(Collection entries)
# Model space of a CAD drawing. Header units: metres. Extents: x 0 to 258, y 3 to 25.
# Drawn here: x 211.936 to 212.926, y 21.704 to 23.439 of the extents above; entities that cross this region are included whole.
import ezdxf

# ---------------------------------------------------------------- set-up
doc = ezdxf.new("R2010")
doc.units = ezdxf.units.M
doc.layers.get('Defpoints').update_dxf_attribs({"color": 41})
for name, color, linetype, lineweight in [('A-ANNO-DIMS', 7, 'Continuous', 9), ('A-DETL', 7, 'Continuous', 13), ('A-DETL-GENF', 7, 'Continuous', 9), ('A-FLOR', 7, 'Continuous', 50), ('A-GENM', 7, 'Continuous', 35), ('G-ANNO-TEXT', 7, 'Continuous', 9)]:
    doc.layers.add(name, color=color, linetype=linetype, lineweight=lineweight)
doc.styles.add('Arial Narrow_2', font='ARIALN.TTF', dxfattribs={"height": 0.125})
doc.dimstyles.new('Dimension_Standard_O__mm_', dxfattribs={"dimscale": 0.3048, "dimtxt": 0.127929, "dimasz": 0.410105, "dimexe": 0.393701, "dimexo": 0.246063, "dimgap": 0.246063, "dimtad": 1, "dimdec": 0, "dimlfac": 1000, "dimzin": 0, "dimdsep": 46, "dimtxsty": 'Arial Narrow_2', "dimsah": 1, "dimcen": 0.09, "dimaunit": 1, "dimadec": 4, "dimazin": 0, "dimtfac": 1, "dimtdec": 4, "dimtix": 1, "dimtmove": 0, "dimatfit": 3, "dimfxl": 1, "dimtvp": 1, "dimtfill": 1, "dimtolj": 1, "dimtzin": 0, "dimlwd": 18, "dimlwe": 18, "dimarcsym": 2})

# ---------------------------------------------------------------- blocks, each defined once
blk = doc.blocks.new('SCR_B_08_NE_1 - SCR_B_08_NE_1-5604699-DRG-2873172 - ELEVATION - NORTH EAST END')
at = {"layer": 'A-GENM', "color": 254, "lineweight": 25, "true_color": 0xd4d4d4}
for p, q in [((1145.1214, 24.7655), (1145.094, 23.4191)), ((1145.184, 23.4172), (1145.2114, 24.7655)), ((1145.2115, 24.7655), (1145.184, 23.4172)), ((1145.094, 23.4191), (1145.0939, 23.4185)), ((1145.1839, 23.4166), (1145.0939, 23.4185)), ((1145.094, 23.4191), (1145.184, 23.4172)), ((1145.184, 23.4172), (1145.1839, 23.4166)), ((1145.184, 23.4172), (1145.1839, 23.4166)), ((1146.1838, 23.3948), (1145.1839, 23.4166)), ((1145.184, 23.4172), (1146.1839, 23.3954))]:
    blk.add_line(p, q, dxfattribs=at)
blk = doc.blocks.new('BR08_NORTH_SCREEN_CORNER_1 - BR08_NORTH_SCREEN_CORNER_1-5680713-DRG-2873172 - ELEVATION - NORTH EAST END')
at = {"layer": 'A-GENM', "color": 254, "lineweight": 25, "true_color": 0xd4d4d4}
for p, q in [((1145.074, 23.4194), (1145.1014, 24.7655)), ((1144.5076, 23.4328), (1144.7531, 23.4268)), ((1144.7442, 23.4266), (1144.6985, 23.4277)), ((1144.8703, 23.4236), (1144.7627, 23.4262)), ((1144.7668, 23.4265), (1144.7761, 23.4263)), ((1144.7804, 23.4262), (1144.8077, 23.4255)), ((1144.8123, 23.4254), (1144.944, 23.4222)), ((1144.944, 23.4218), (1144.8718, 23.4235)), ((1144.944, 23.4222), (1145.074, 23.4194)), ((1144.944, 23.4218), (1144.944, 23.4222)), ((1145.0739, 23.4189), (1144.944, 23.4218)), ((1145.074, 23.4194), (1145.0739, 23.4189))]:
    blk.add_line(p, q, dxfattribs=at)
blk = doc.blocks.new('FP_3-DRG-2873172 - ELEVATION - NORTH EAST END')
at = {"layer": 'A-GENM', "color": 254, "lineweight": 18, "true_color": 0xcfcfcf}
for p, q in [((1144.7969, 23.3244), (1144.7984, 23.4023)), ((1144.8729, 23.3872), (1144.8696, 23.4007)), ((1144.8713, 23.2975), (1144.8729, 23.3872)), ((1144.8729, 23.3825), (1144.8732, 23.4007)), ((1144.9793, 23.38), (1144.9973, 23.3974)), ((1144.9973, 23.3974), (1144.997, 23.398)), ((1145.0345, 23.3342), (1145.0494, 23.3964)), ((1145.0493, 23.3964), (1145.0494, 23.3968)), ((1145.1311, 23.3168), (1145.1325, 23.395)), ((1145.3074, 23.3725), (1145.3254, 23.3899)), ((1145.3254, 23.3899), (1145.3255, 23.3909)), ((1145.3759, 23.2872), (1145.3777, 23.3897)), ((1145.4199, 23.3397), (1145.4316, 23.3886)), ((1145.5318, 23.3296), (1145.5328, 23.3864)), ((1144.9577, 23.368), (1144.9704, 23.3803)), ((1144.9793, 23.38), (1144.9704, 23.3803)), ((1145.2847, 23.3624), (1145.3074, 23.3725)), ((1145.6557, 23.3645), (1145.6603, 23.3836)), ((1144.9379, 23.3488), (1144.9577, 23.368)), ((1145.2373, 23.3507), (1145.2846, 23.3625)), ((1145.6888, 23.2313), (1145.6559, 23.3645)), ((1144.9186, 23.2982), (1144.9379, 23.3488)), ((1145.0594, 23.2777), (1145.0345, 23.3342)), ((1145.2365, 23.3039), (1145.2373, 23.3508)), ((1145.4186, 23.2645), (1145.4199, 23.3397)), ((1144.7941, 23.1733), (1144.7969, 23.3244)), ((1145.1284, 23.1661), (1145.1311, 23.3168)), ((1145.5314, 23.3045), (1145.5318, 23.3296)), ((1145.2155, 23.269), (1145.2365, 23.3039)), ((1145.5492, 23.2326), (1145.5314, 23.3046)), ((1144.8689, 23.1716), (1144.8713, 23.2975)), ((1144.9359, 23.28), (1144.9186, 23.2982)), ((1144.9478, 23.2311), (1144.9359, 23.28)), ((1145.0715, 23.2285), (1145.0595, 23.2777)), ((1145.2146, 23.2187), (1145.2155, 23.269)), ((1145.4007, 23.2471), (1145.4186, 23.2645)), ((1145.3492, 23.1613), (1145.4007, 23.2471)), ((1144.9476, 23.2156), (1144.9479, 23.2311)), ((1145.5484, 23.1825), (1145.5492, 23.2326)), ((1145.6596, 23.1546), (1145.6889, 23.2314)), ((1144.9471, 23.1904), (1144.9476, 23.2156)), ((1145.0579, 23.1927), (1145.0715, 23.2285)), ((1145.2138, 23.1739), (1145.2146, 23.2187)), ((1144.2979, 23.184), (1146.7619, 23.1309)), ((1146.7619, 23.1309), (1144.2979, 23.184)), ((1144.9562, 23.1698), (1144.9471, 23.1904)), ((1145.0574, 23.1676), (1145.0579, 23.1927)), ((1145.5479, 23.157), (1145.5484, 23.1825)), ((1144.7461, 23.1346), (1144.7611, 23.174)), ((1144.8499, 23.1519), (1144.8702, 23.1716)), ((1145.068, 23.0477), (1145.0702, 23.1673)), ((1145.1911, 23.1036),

- _Task directions_
Filter the entries and copy each line with "dxfattribs".

- _Expected output_
doc.styles.add('Arial Narrow_2', font='ARIALN.TTF', dxfattribs={"height": 0.125})
doc.dimstyles.new('Dimension_Standard_O__mm_', dxfattribs={"dimscale": 0.3048, "dimtxt": 0.127929, "dimasz": 0.410105, "dimexe": 0.393701, "dimexo": 0.246063, "dimgap": 0.246063, "dimtad": 1, "dimdec": 0, "dimlfac": 1000, "dimzin": 0, "dimdsep": 46, "dimtxsty": 'Arial Narrow_2', "dimsah": 1, "dimcen": 0.09, "dimaunit": 1, "dimadec": 4, "dimazin": 0, "dimtfac": 1, "dimtdec": 4, "dimtix": 1, "dimtmove": 0, "dimatfit": 3, "dimfxl": 1, "dimtvp": 1, "dimtfill": 1, "dimtolj": 1, "dimtzin": 0, "dimlwd": 18, "dimlwe": 18, "dimarcsym": 2})
    blk.add_line(p, q, dxfattribs=at)
    blk.add_line(p, q, dxfattribs=at)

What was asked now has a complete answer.